The return codes and content of the tcp maps are:

                 +----------------------------------------------------------+
                 | virtual_alias_map   | check_recipient_access             |
+----------------+---------------------+------------------------------------+
| user not found | 500 "NOT FOUND SRY" | 500 "REJECT"                       |
| key not found  | 200 "<uuid>"        | 400 "4.7.13 USER ACCOUNT DISABLED" |
| both found     | 200 "<uuid>"        | 200 "OK"                           |
+----------------+---------------------+------------------------------------+


### Current status

The current implementation of alias_resolver is in
leap-mx/src/leap/mx/alias_resolver.py.

As for Discussion item #1: 

It might be possible to use
[python-memcached](https://pypi.python.org/pypi/python-memcached/) as an
interface to a [memcached](http://memcached.org/) instance to speed up database
lookups, by keeping an in memory mapping of recent request/response
pairs. Also, Twisted now (I think as of 12.0.0) ships with a protocol for
handling Memcached servers, this is in ```twisted.protocols.memcache```. This
should be prioritised for later, if it is decided that querying the CouchDB is
too expensive or time-consuming.


## mail_receiver

the mail_receiver is a daemon that runs on incoming MX servers and is
responsible for encrypting incoming email to the user's public key and saving
the email to an incoming queue database for that user.

communicates with:

 * message spool directory: mail_reciever sits and waits for new email to be
   written to the spool directory (maybe using this
   https://github.com/seb-m/pyinotify, i think it is better than FAM). when a
   new file is dumped into the spool, mail_receiver reads the file, encrypts
   the entire thing using the public key of the recipient, and saves to
   couchdb.
 * couchdb get: mail_receiver does a query on user id to get back user's
   public openpgp key. read quorum of 1 is probably ok.
 * couchdb put: mail_receiver communicates with couchdb for storing encrypted
   email for each user (eventually, mail_receiver will communicate with a local
   http proxy, that communicates with a bigcouch cluster, but the api is
   identical)

### Current Status

 * Postfix adds a "Delivered-To" header to indicate to whom a message was
   actually delivered. There may be more than one header of this kind, and we
   should use the topmost one. That value of that header is "<uuid>@<domain>",
   and we can extract the user's uid from there to fetch the pgp public key to
   which encrypt the message. 

 * currently, the incoming message is put into the user's database with some
   special flags. should we have a different way to deal with that?
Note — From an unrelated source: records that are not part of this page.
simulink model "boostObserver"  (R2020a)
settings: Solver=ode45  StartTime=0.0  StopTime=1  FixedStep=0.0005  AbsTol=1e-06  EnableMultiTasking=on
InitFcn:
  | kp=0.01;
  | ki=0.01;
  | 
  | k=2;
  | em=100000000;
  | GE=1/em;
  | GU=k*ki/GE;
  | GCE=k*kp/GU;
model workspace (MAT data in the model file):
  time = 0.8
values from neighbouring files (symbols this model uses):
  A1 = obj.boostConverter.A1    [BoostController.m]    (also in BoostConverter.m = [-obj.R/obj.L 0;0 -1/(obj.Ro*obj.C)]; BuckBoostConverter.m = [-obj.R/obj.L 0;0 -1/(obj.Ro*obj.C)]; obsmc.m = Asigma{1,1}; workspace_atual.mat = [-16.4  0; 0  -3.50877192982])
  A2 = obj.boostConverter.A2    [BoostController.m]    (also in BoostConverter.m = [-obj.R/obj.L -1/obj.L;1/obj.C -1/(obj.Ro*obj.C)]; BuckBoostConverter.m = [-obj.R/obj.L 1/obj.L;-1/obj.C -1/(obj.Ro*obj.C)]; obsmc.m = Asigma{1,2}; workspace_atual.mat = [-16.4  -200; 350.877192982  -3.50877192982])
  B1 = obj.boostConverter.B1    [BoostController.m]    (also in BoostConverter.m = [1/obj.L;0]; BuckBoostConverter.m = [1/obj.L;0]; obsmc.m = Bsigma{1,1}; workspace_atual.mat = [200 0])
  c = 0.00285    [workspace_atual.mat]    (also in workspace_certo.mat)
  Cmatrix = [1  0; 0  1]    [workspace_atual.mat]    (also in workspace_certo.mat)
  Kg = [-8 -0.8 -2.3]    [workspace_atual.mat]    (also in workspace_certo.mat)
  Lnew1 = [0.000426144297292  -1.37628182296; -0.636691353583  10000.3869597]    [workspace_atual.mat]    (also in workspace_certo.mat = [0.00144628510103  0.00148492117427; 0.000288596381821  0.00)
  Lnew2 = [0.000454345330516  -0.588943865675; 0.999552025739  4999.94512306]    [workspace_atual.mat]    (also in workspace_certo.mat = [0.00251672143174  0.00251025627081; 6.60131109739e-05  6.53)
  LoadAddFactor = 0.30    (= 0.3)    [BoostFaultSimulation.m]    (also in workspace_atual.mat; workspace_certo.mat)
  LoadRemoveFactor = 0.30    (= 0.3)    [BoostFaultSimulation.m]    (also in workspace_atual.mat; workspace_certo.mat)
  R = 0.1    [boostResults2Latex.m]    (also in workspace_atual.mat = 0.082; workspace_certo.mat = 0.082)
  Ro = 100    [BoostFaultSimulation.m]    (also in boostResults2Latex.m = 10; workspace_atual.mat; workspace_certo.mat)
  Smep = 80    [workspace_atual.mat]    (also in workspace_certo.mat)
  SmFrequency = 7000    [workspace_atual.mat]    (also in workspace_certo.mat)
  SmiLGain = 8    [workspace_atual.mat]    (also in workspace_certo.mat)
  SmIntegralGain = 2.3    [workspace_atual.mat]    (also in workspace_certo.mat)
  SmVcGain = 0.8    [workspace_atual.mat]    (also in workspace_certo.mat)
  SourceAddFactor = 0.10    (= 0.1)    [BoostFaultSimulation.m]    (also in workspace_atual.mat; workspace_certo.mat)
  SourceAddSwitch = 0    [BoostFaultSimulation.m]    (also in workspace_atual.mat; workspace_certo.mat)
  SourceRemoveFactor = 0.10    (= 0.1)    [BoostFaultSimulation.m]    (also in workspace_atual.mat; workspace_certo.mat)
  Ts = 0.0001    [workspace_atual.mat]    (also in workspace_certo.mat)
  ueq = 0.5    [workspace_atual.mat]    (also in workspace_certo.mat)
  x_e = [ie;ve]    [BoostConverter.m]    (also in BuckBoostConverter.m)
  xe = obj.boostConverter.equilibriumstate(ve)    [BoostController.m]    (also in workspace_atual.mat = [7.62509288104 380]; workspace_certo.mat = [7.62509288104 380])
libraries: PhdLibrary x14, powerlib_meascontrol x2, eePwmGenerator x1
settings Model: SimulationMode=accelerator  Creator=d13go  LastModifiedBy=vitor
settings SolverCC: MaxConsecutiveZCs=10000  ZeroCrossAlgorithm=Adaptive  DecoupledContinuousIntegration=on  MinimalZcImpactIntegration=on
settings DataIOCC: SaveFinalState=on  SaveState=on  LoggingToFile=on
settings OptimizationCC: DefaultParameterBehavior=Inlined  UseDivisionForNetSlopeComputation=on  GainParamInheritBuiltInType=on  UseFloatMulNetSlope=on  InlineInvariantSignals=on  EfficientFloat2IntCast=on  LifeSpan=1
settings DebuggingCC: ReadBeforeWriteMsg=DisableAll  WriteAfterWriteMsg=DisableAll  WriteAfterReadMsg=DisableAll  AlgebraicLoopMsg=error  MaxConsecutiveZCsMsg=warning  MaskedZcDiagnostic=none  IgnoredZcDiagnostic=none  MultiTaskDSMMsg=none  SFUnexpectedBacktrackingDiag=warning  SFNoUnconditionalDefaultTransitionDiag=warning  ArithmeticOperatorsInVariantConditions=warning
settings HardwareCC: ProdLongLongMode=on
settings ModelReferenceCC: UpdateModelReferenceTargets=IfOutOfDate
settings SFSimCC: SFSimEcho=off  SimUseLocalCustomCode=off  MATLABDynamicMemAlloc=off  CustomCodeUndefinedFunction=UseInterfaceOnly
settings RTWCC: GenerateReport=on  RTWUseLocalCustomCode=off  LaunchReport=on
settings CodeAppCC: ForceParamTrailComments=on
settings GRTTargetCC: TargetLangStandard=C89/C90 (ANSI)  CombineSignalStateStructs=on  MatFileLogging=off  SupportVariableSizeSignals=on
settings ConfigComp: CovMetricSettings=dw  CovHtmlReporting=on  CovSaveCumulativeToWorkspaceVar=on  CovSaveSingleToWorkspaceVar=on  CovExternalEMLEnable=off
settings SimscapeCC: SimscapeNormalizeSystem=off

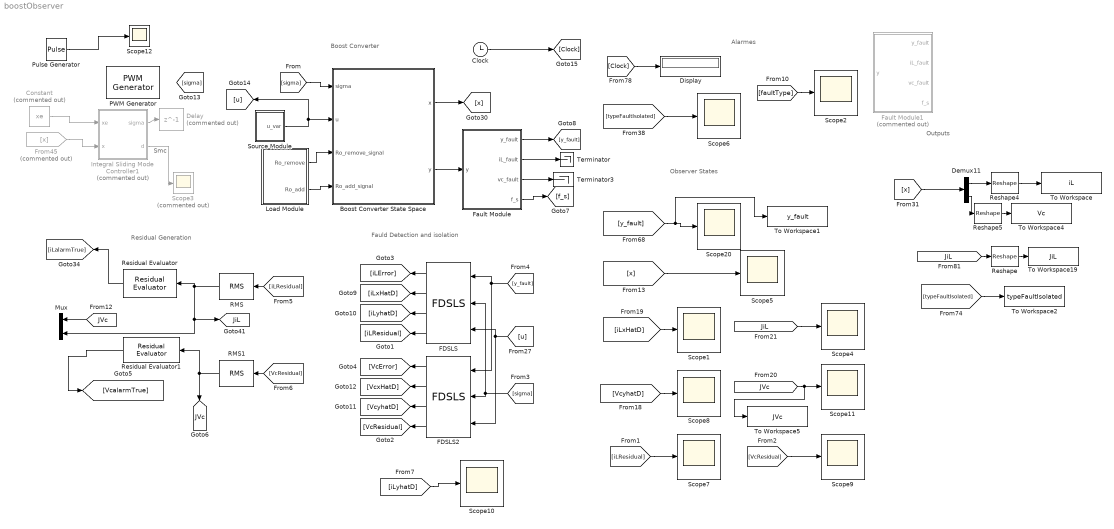
== system boostObserver ==
  note: Alarmes
  note: Smc
  note: Fauld Detection and isolation
  note: Outputs
  note: Observer States
  note: Residual Generation
  note: Boost Converter
  Boost Converter State Space : Subsystem  AncestorBlock="PhdLibrary/Boost Converter  State Space"  mask(Boots State-Space model){A1=A1, A2=A2, B1=B1, R=R, Ro=Ro, Cmatrix=Cmatrix, c=c, LoadAddFactor=LoadAddFactor, LoadRemoveFactor=LoadRemoveFactor}
      mask prompts: A1 "A1 matrix:"; A2 "A2 matrix:"; B1 "B matrix:"; R "Resistance:"; Ro "Output Resistance:"; Cmatrix "Output Matrix:"; c "Capacitance:"; LoadAddFactor "Load add factor:"; LoadRemoveFactor "Load remove factor"
      mask help: Boots State-Space model
      mask Display: disp('Boost')
  Clock : Clock
  Constant : Constant  Commented=on  Value=xe  VectorParams1D=off
  Delay : Delay  Commented=on  DelayLength=1
  Demux11 : Demux  Outputs=2
  Display : Display
  FDSLS : PhdLibrary/FDSLS  A1=A1  A2=A2  B1=B1  B2=B2  L=Lnew1  yhat0=[0;0]  x0=[0;0]  Qr=[1 0]
      link override Constant3: Value=Lnew1
      settings: SourceProductName=Phd Diego
  FDSLS2 : PhdLibrary/FDSLS  A1=A1  A2=A2  B1=B1  B2=B2  L=Lnew2  yhat0=[0;0]  x0=[0;0]  Qr=[0 1]
      link override Constant3: Value=Lnew2
      settings: SourceProductName=Phd Diego
  Fault Module : Subsystem
  Fault Module1 : Subsystem  Commented=on
  From45 : From  Commented=on  GotoTag=x
  Integral Sliding Mode Controller1 : Subsystem  Commented=on  mask(Sliding mode controller){KiVc=SmIntegralGain, KVc=SmVcGain, ueq=ueq, Smep=Smep, KiL=SmiLGain, Freq=SmFrequency, x0=[0;0], Ts=0}
      mask prompts: KiVc "Integral voltage gain"; KVc "Voltage gain"; ueq "Equilibrium signal"; Smep "Surface limit layer"; KiL "Current gain"; Freq "Frequency"; x0 "Initial state:"; Ts "Sample Time"
      mask help: Sliding mode controller with integral for boost converter
  Load Module : Subsystem
  Mux : Mux  Inputs=2
  PWM Generator : eePwmGenerator/PWM Generator  CarrCount=Up  Tper=1  Ts=5e-6
  Pulse Generator : DiscretePulseGenerator  Period=1  SampleTime=0.000005
  RMS : powerlib_meascontrol/Measurements/RMS  TrueRMS=on  Freq=RMSfrequency  RMSInit=0  Ts=Ts
  RMS1 : powerlib_meascontrol/Measurements/RMS  TrueRMS=on  Freq=RMSfrequency  RMSInit=0  Ts=Ts
  Reshape : Reshape
  Reshape4 : Reshape
  Reshape5 : Reshape
  Residual Evaluator : PhdLibrary/Residual Evaluator  Jth=iLJth
      settings: SourceProductName=Phd Diego
  Residual Evaluator1 : PhdLibrary/Residual Evaluator  Jth=VcJth
      settings: SourceProductName=Phd Diego
  Scope{1..2,4..12,20} (12 alike) : Scope
  Scope3 : Scope  Commented=on
  Source Module : Subsystem
  Terminator : Terminator
  Terminator3 : Terminator
  To Workspace : ToWorkspace  VariableName=iL  SaveFormat=Timeseries  SampleTime=-1
  To Workspace1 : ToWorkspace  VariableName=y_fault  SaveFormat=Timeseries  SampleTime=-1
  To Workspace19 : ToWorkspace  VariableName=JiL  SaveFormat=Timeseries  SampleTime=-1
  To Workspace2 : ToWorkspace  VariableName=typeFaultIsolated  SaveFormat=Timeseries  SampleTime=-1
  To Workspace4 : ToWorkspace  VariableName=Vc  SaveFormat=Timeseries  SampleTime=-1
  To Workspace5 : ToWorkspace  VariableName=JVc  SaveFormat=Timeseries  SampleTime=-1
  tag scope: JVc=global, JiL=global
  wires:
  [y_fault] -> FDSLS2/1, FDSLS/1
  [iLResidual] -> RMS/1
  [faultType] -> Scope2/1
  Clock/1 -> [Clock]
  Boost Converter State Space/1(x) -> [x]
  Fault Module/2(iL_fault) -> Terminator/1
  [JVc] -> To Workspace5/1, Scope11/1
  Load Module/1(Ro_remove) -> Boost Converter State Space/3(Ro_remove_signal)
  Residual Evaluator/1 -> [iLalarmTrue]
  Residual Evaluator1/1 -> [VcalarmTrue]
  [y_fault] -> To Workspace1/1, Scope20/1
  [JiL] -> Scope4/1
  [x] -> Demux11/1
  FDSLS2/2 -> [VcxHatD]
  Load Module/2(Ro_add) -> Boost Converter State Space/4(Ro_add_signal)
  Source Module/1(u_var) -> [u], Boost Converter State Space/2(u)
  Fault Module/4(f_s) -> [f_s]
  Boost Converter State Space/2(y) -> Fault Module/1(y)
  [VcResidual] -> RMS1/1
  [sigma] -> FDSLS2/2, FDSLS/2
  Demux11/1 -> Reshape4/1
  RMS1/1 -> Residual Evaluator1/1, [JVc]
  RMS/1 -> [JiL], Mux/2, Residual Evaluator/1
  [sigma] -> Boost Converter State Space/1(sigma)
  [x] -> Scope5/1
  FDSLS/4 -> [iLResidual]
  FDSLS2/3 -> [VcyhatD]
  Reshape4/1 -> To Workspace/1
  FDSLS2/1 -> [VcError]
  [VcyhatD] -> Scope8/1
  FDSLS/3 -> [iLyhatD]
  Fault Module/3(vc_fault) -> Terminator3/1
  Demux11/2 -> Reshape5/1
  FDSLS/1 -> [iLError]
  [typeFaultIsolated] -> To Workspace2/1
  [u] -> FDSLS2/3, FDSLS/3
  FDSLS2/4 -> [VcResidual]
  Fault Module/1(y_fault) -> [y_fault]
  [typeFaultIsolated] -> Scope6/1
  [JiL] -> Reshape/1
  Reshape/1 -> To Workspace19/1
  Reshape5/1 -> To Workspace4/1
  [Clock] -> Display/1
  [iLxHatD] -> Scope1/1
  FDSLS/2 -> [iLxHatD]
  [JVc] -> Mux/1
  Integral Sliding Mode Controller1/2(d) -> Scope3/1
  Constant/1 -> Integral Sliding Mode Controller1/1(xe)
  From45/1 -> Integral Sliding Mode Controller1/2(x)
  Integral Sliding Mode Controller1/1(sigma) -> Delay/1
  [iLResidual] -> Scope7/1
  [VcResidual] -> Scope9/1
  [iLyhatD] -> Scope10/1
  ? -> PWM Generator/1
  Pulse Generator/1 -> Scope12/1

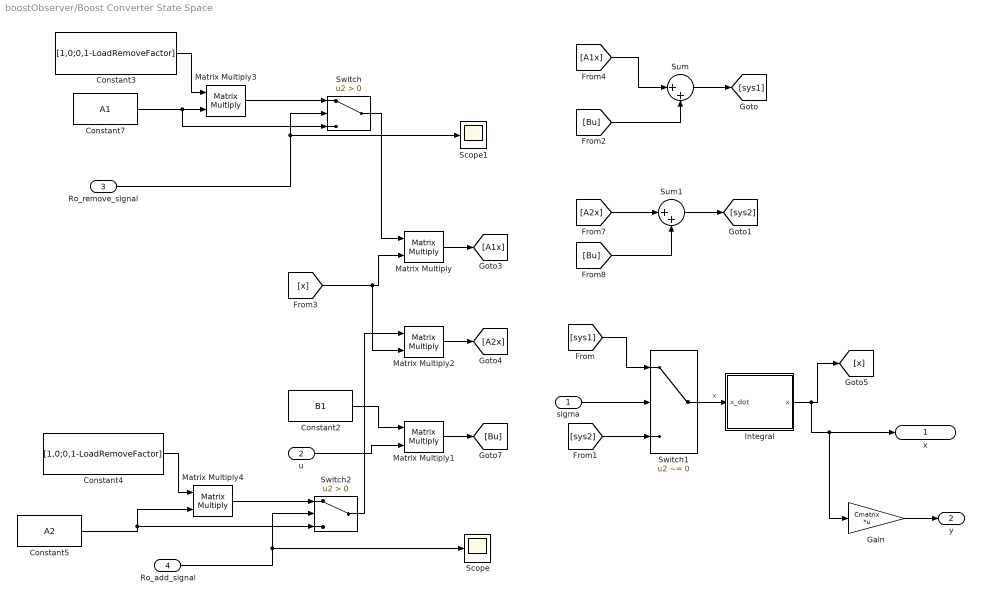
== system boostObserver/Boost Converter State Space ==
  sigma : Inport
  u : Inport  Port=2
  Ro_remove_signal : Inport  Port=3
  Ro_add_signal : Inport  Port=4
  Constant2 : Constant  Value=B1  VectorParams1D=off
  Constant3 : Constant  Value=[1,0;0,1-LoadRemoveFactor]  VectorParams1D=off
  Constant4 : Constant  Value=[1,0;0,1-LoadRemoveFactor]  VectorParams1D=off
  Constant5 : Constant  Value=A2  VectorParams1D=off
  Constant7 : Constant  Value=A1  VectorParams1D=off
  Gain : Gain  Gain=Cmatrix  Multiplication=Matrix(K*u)
  Integral : Subsystem
  Matrix Multiply{,1..4} (5 alike) : Product  Multiplication=Matrix(*)
  Scope : Scope
  Scope1 : Scope
  Sum : Sum  Inputs=|++
  Sum1 : Sum  Inputs=|++
  Switch : Switch  Criteria=u2 > Threshold
  Switch1 : Switch  Criteria=u2 ~= 0
  Switch2 : Switch  Criteria=u2 > Threshold
  x : Outport
  y : Outport  Port=2
  wires:
  Switch2/1 -> Matrix Multiply2/1
  Ro_add_signal/1 -> Scope/1, Switch2/2
  Constant5/1 -> Matrix Multiply4/2, Switch2/3
  Matrix Multiply4/1 -> Switch2/1
  Constant4/1 -> Matrix Multiply4/1
  Switch/1 -> Matrix Multiply/1
  Ro_remove_signal/1 -> Scope1/1, Switch/2
  Matrix Multiply3/1 -> Switch/1
  Constant7/1 -> Switch/3, Matrix Multiply3/2
  Constant3/1 -> Matrix Multiply3/1
  Gain/1 -> y/1
  Integral/1(x) -> [x], x/1, Gain/1
  u/1 -> Matrix Multiply1/2
  Matrix Multiply1/1 -> [Bu]
  Constant2/1 -> Matrix Multiply1/1
  sigma/1 -> Switch1/2
  [A2x] -> Sum1/1
  Switch1/1 -> Integral/1(x_dot)  "x"
  Sum1/1 -> [sys2]
  Sum/1 -> [sys1]
  Matrix Multiply/1 -> [A1x]
  Matrix Multiply2/1 -> [A2x]
  [Bu] -> Sum/2
  [Bu] -> Sum1/2
  [x] -> Matrix Multiply/2, Matrix Multiply2/2
  [A1x] -> Sum/1
  [sys1] -> Switch1/1
  [sys2] -> Switch1/3

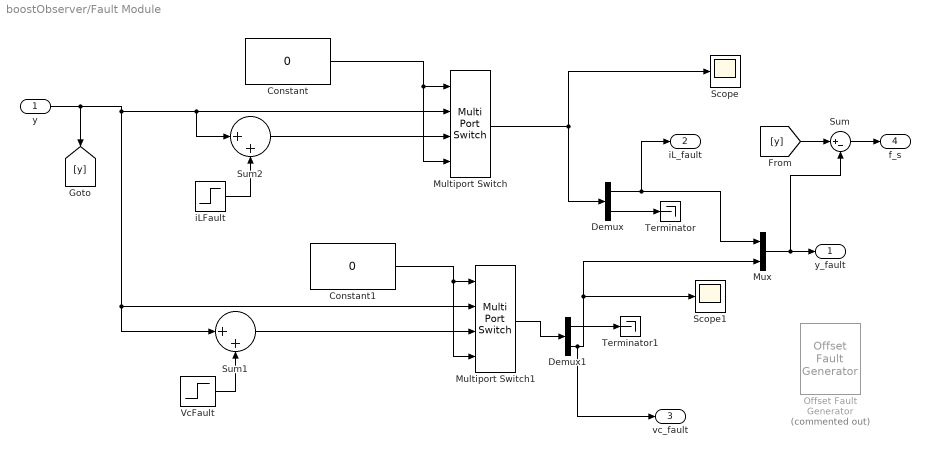
== system boostObserver/Fault Module ==
  y : Inport
  Constant : Constant  Value=0
  Constant1 : Constant  Value=0
  Demux : Demux  Outputs=2
  Demux1 : Demux  Outputs=2
  Multiport Switch : MultiPortSwitch  DataPortOrder=Zero-based contiguous  Inputs=2  DataPortForDefault=Additional data port  zeroidx=on
  Multiport Switch1 : MultiPortSwitch  DataPortOrder=Zero-based contiguous  Inputs=2  DataPortForDefault=Additional data port  zeroidx=on
  Mux : Mux  Inputs=2
  Offset Fault Generator : PhdLibrary/Offset Fault Generator  Commented=on  s1gain=20  s2gain=20
      settings: SourceProductName=Phd Diego
  Scope : Scope
  Scope1 : Scope
  Sum : Sum  Inputs=|+-
  Sum1 : Sum  Inputs=|++
  Sum2 : Sum  Inputs=|++
  Terminator : Terminator
  Terminator1 : Terminator
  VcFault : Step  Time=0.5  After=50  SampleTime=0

 * whenever possible, we should refer to the user by a fixed id, not their
   username, because we want to support the ability to change usernames. so,
   for example, database names should not be based on usernames. The alias
   resolver then resolves to the user's uuid and from that point on we can
   deal only with the user's uid.

 * We currently use ```twisted.internet.inotify.INotiry()``` to watch the
   maildir for creation of new files. Alternatelly, we could possibly use
   ```twisted.mail.mail.FileMonitoringService```.